BEGIN Material for the task

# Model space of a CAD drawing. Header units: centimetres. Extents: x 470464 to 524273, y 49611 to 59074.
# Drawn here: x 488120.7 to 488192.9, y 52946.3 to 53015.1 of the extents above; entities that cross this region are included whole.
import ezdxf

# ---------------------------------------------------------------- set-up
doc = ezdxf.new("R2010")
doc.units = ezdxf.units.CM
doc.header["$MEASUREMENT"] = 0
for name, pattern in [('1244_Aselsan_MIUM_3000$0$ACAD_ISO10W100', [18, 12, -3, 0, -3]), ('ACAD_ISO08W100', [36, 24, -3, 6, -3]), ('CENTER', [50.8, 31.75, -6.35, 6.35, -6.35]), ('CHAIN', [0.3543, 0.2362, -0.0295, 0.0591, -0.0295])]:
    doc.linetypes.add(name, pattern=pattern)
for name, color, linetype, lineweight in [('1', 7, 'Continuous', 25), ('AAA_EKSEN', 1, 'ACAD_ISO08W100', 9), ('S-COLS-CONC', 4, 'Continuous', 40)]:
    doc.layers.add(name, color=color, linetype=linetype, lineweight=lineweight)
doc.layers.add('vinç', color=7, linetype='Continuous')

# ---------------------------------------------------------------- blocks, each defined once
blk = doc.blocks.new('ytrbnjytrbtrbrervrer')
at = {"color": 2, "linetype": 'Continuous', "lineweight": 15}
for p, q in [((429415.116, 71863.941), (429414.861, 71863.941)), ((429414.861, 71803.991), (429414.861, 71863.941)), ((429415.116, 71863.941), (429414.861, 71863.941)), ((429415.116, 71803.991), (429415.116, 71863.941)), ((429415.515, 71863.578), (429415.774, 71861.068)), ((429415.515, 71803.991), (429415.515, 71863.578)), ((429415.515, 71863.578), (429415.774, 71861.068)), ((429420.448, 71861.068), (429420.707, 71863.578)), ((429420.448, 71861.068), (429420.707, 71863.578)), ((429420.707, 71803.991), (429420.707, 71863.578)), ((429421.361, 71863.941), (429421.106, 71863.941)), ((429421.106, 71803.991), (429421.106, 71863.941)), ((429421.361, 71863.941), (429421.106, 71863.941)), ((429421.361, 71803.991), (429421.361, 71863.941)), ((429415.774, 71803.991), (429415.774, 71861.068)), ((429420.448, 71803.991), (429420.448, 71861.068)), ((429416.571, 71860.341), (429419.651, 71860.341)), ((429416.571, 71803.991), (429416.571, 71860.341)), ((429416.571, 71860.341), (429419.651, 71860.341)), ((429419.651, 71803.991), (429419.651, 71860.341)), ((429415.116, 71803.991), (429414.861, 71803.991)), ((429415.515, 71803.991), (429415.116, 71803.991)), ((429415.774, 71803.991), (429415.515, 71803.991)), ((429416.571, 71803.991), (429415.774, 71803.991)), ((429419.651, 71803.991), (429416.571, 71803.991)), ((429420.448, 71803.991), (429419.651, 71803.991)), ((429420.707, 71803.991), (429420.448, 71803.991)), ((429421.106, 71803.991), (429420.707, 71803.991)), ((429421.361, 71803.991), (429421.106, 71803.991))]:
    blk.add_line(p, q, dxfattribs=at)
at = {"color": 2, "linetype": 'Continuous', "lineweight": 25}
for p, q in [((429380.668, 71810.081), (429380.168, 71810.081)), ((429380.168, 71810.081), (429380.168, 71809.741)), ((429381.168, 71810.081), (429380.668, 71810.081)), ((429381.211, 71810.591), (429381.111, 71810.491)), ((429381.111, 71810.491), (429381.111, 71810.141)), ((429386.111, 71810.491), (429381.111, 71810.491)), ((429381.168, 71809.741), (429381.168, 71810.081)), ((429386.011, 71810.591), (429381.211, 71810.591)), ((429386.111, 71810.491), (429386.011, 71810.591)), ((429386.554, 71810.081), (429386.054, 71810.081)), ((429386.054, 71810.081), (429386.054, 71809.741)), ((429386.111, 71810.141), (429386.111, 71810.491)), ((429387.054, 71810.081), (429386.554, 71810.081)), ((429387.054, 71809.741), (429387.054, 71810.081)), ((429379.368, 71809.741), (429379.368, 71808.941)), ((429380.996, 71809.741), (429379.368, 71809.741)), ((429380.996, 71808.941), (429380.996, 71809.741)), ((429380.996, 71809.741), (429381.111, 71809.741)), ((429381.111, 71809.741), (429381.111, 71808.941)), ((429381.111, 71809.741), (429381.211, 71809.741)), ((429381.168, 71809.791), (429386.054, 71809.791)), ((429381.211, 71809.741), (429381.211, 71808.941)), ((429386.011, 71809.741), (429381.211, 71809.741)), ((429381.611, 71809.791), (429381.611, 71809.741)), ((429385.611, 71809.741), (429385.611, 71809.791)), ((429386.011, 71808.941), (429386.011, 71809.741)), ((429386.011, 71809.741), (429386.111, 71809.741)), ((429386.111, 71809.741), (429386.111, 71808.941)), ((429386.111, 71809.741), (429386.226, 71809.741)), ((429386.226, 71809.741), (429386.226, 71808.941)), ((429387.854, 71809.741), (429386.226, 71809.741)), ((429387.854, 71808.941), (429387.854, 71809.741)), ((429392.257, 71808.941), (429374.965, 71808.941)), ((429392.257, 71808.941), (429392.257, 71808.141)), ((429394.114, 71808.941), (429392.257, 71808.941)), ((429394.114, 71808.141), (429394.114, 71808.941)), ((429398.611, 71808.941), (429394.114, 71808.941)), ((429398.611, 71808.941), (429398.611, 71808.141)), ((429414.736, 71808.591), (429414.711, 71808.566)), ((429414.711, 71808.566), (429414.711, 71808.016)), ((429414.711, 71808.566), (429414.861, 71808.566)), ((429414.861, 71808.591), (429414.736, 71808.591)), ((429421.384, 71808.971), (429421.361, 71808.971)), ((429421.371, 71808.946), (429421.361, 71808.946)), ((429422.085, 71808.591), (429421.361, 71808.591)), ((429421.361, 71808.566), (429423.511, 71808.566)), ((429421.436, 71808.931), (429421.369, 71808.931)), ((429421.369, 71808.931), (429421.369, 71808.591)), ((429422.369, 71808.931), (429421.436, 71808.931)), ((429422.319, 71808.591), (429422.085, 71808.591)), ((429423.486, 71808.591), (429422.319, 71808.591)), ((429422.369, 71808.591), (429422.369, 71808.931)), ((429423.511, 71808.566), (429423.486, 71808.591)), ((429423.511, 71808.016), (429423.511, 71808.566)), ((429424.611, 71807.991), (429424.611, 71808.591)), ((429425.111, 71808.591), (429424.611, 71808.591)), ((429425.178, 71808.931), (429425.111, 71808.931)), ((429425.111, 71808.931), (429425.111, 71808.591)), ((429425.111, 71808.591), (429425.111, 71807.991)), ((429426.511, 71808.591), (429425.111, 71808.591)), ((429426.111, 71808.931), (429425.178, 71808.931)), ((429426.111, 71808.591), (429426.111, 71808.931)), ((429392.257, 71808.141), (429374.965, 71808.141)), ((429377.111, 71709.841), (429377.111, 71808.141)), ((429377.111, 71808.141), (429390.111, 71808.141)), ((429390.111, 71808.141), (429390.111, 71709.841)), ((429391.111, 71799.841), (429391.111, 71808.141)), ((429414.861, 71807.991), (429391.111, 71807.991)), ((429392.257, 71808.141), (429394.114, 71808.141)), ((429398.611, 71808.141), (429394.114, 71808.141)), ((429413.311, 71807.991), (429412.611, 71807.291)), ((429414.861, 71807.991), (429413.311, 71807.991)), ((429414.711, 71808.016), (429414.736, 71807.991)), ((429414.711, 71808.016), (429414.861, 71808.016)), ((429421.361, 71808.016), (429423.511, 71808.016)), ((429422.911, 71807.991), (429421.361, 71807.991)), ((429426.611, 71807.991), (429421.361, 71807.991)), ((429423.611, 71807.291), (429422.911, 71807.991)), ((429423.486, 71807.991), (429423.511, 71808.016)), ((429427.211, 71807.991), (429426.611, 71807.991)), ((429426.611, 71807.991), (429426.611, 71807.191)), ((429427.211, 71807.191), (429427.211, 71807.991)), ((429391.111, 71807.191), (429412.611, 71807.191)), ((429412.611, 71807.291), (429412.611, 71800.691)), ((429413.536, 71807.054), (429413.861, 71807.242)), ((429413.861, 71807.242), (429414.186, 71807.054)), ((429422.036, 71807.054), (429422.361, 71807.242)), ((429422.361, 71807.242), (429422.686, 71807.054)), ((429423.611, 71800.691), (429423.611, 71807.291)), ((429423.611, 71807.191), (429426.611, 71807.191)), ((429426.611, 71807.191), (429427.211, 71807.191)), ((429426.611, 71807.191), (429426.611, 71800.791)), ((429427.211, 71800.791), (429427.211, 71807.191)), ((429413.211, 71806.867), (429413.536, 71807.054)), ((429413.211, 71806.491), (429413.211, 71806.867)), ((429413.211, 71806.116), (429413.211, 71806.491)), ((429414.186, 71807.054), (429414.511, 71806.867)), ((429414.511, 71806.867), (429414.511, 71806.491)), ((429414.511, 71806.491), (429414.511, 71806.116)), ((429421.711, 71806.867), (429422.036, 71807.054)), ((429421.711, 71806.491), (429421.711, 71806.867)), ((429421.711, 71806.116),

END Material for the task

• Exercise directions
Lines after the one containing "doc.linetypes.add(name, pattern=pattern)" are not wanted; repeat exactly each line above from the first up to and including it.

• Exercise result
# Model space of a CAD drawing. Header units: centimetres. Extents: x 470464 to 524273, y 49611 to 59074.
# Drawn here: x 488120.7 to 488192.9, y 52946.3 to 53015.1 of the extents above; entities that cross this region are included whole.
import ezdxf

# ---------------------------------------------------------------- set-up
doc = ezdxf.new("R2010")
doc.units = ezdxf.units.CM
doc.header["$MEASUREMENT"] = 0
for name, pattern in [('1244_Aselsan_MIUM_3000$0$ACAD_ISO10W100', [18, 12, -3, 0, -3]), ('ACAD_ISO08W100', [36, 24, -3, 6, -3]), ('CENTER', [50.8, 31.75, -6.35, 6.35, -6.35]), ('CHAIN', [0.3543, 0.2362, -0.0295, 0.0591, -0.0295])]:
    doc.linetypes.add(name, pattern=pattern)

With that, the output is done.